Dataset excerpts
= = =

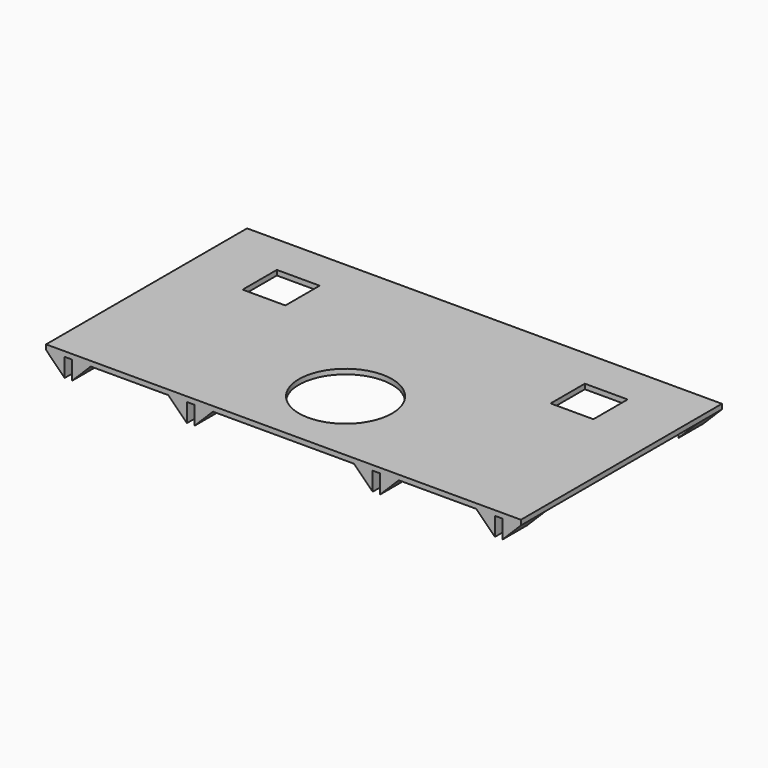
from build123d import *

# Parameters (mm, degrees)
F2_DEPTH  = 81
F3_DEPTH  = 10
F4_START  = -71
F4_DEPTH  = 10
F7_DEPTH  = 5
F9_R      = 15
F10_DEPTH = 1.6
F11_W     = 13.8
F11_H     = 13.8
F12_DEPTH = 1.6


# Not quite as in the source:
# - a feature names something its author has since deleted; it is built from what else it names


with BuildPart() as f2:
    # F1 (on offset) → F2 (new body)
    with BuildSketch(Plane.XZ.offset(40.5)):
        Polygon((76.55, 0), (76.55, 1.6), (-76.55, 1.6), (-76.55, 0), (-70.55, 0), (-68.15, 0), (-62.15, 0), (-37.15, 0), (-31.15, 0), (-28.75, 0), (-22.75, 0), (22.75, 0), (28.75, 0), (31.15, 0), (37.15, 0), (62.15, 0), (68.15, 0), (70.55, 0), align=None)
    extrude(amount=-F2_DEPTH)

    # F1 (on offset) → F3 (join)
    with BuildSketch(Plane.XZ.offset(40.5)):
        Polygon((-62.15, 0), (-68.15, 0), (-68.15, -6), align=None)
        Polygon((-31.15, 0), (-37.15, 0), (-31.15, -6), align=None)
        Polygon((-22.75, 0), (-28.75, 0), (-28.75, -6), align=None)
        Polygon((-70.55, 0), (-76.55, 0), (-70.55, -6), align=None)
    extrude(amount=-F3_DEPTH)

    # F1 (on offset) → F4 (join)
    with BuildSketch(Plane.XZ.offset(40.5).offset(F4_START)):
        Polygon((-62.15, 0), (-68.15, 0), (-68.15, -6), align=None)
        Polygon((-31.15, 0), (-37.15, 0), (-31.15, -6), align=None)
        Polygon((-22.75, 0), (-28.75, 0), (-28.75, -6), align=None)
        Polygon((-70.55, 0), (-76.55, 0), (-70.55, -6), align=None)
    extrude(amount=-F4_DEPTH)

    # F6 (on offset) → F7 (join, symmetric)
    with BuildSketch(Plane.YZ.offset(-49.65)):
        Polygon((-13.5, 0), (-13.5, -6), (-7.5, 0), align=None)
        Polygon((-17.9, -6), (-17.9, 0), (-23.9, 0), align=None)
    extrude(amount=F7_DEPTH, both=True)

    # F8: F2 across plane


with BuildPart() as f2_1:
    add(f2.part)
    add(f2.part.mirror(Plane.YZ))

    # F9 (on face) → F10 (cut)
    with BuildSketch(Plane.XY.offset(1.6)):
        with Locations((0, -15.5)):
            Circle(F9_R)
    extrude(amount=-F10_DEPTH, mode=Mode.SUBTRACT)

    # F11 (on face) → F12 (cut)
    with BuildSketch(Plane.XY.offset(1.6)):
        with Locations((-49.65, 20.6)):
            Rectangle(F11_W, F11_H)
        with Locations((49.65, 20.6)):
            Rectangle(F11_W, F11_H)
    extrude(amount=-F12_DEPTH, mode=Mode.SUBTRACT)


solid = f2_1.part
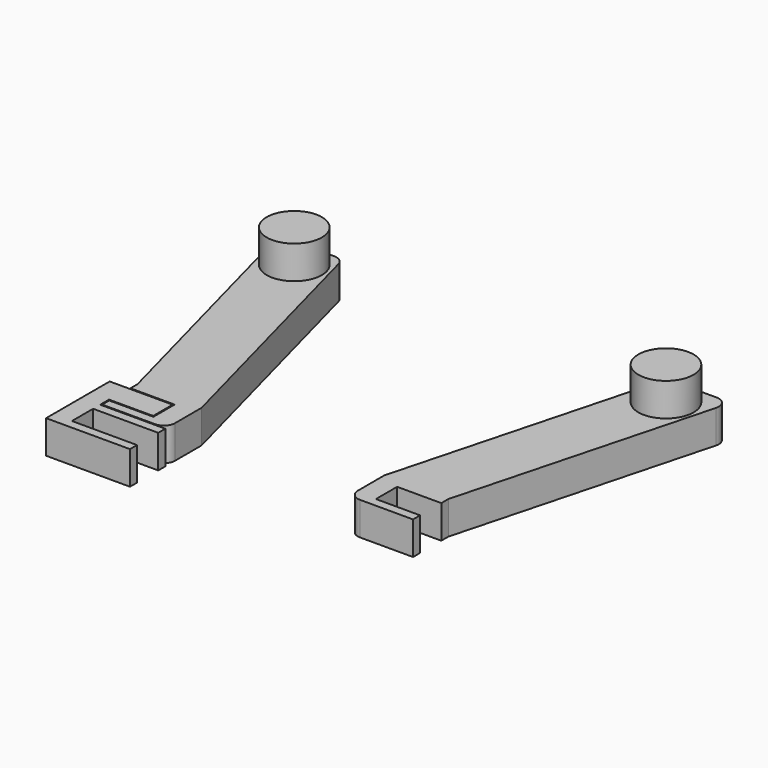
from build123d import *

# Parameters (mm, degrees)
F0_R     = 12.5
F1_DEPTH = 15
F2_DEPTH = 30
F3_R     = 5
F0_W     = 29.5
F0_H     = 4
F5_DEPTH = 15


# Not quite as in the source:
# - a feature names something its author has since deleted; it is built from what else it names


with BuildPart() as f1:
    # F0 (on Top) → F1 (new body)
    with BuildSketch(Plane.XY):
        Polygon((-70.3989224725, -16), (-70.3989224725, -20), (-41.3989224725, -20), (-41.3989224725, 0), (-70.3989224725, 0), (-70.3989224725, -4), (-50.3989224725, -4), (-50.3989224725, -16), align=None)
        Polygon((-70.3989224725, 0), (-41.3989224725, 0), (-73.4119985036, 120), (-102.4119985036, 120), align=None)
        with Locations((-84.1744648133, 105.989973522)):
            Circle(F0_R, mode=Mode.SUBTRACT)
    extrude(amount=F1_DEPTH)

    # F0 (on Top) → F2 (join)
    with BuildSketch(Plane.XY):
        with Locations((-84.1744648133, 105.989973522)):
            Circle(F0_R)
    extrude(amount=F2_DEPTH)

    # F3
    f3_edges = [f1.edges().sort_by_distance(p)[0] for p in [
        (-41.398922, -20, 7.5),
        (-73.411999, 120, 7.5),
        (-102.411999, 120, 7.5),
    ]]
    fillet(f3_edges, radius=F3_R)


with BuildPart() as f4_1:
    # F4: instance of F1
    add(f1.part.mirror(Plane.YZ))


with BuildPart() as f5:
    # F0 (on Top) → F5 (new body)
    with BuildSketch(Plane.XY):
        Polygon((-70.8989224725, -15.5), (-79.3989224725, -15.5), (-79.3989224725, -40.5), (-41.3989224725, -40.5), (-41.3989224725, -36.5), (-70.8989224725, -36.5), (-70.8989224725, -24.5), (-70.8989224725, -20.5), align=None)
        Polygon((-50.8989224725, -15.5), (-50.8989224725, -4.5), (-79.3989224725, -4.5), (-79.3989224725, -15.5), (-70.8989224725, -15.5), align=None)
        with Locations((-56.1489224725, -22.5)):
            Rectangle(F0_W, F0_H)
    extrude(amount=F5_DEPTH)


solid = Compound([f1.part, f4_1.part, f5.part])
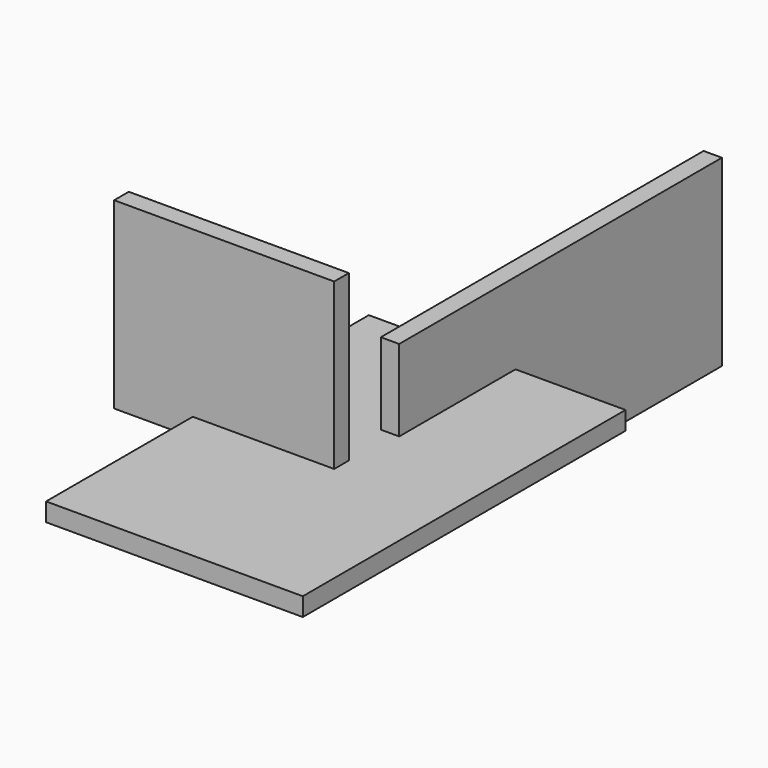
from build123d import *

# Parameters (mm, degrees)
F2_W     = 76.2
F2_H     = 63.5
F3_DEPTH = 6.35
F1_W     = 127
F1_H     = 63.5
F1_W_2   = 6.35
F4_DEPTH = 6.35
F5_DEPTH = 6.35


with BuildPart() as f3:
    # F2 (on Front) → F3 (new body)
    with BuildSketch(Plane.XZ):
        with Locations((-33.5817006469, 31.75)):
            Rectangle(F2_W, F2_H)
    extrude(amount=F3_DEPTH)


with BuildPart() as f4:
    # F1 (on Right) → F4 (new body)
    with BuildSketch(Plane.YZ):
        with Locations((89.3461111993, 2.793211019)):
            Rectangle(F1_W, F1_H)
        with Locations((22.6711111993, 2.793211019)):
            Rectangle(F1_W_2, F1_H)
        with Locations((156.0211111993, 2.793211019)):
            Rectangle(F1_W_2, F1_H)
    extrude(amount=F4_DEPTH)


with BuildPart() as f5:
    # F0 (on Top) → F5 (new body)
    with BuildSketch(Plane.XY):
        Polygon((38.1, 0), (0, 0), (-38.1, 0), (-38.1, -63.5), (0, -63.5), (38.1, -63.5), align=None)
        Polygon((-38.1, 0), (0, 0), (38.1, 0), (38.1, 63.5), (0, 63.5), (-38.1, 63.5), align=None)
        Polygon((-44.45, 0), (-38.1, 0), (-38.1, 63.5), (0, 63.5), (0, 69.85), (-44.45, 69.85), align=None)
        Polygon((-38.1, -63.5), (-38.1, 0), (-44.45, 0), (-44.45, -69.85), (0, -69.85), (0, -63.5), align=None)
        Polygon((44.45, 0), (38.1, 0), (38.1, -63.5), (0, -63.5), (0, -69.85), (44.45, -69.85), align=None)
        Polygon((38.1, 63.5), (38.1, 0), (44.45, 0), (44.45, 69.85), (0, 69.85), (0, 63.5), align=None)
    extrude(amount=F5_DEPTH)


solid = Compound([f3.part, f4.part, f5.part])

= = =

» Your assignment
Where the string "Locations" turns up in a line of the data above, copy that whole line.

» Answer to the problem
        with Locations((0, -15.5)):
        with Locations((-49.65, 20.6)):
        with Locations((49.65, 20.6)):
        with Locations((-84.1744648133, 105.989973522)):
        with Locations((-84.1744648133, 105.989973522)):
        with Locations((-56.1489224725, -22.5)):
        with Locations((-33.5817006469, 31.75)):
        with Locations((89.3461111993, 2.793211019)):
        with Locations((22.6711111993, 2.793211019)):
        with Locations((156.0211111993, 2.793211019)):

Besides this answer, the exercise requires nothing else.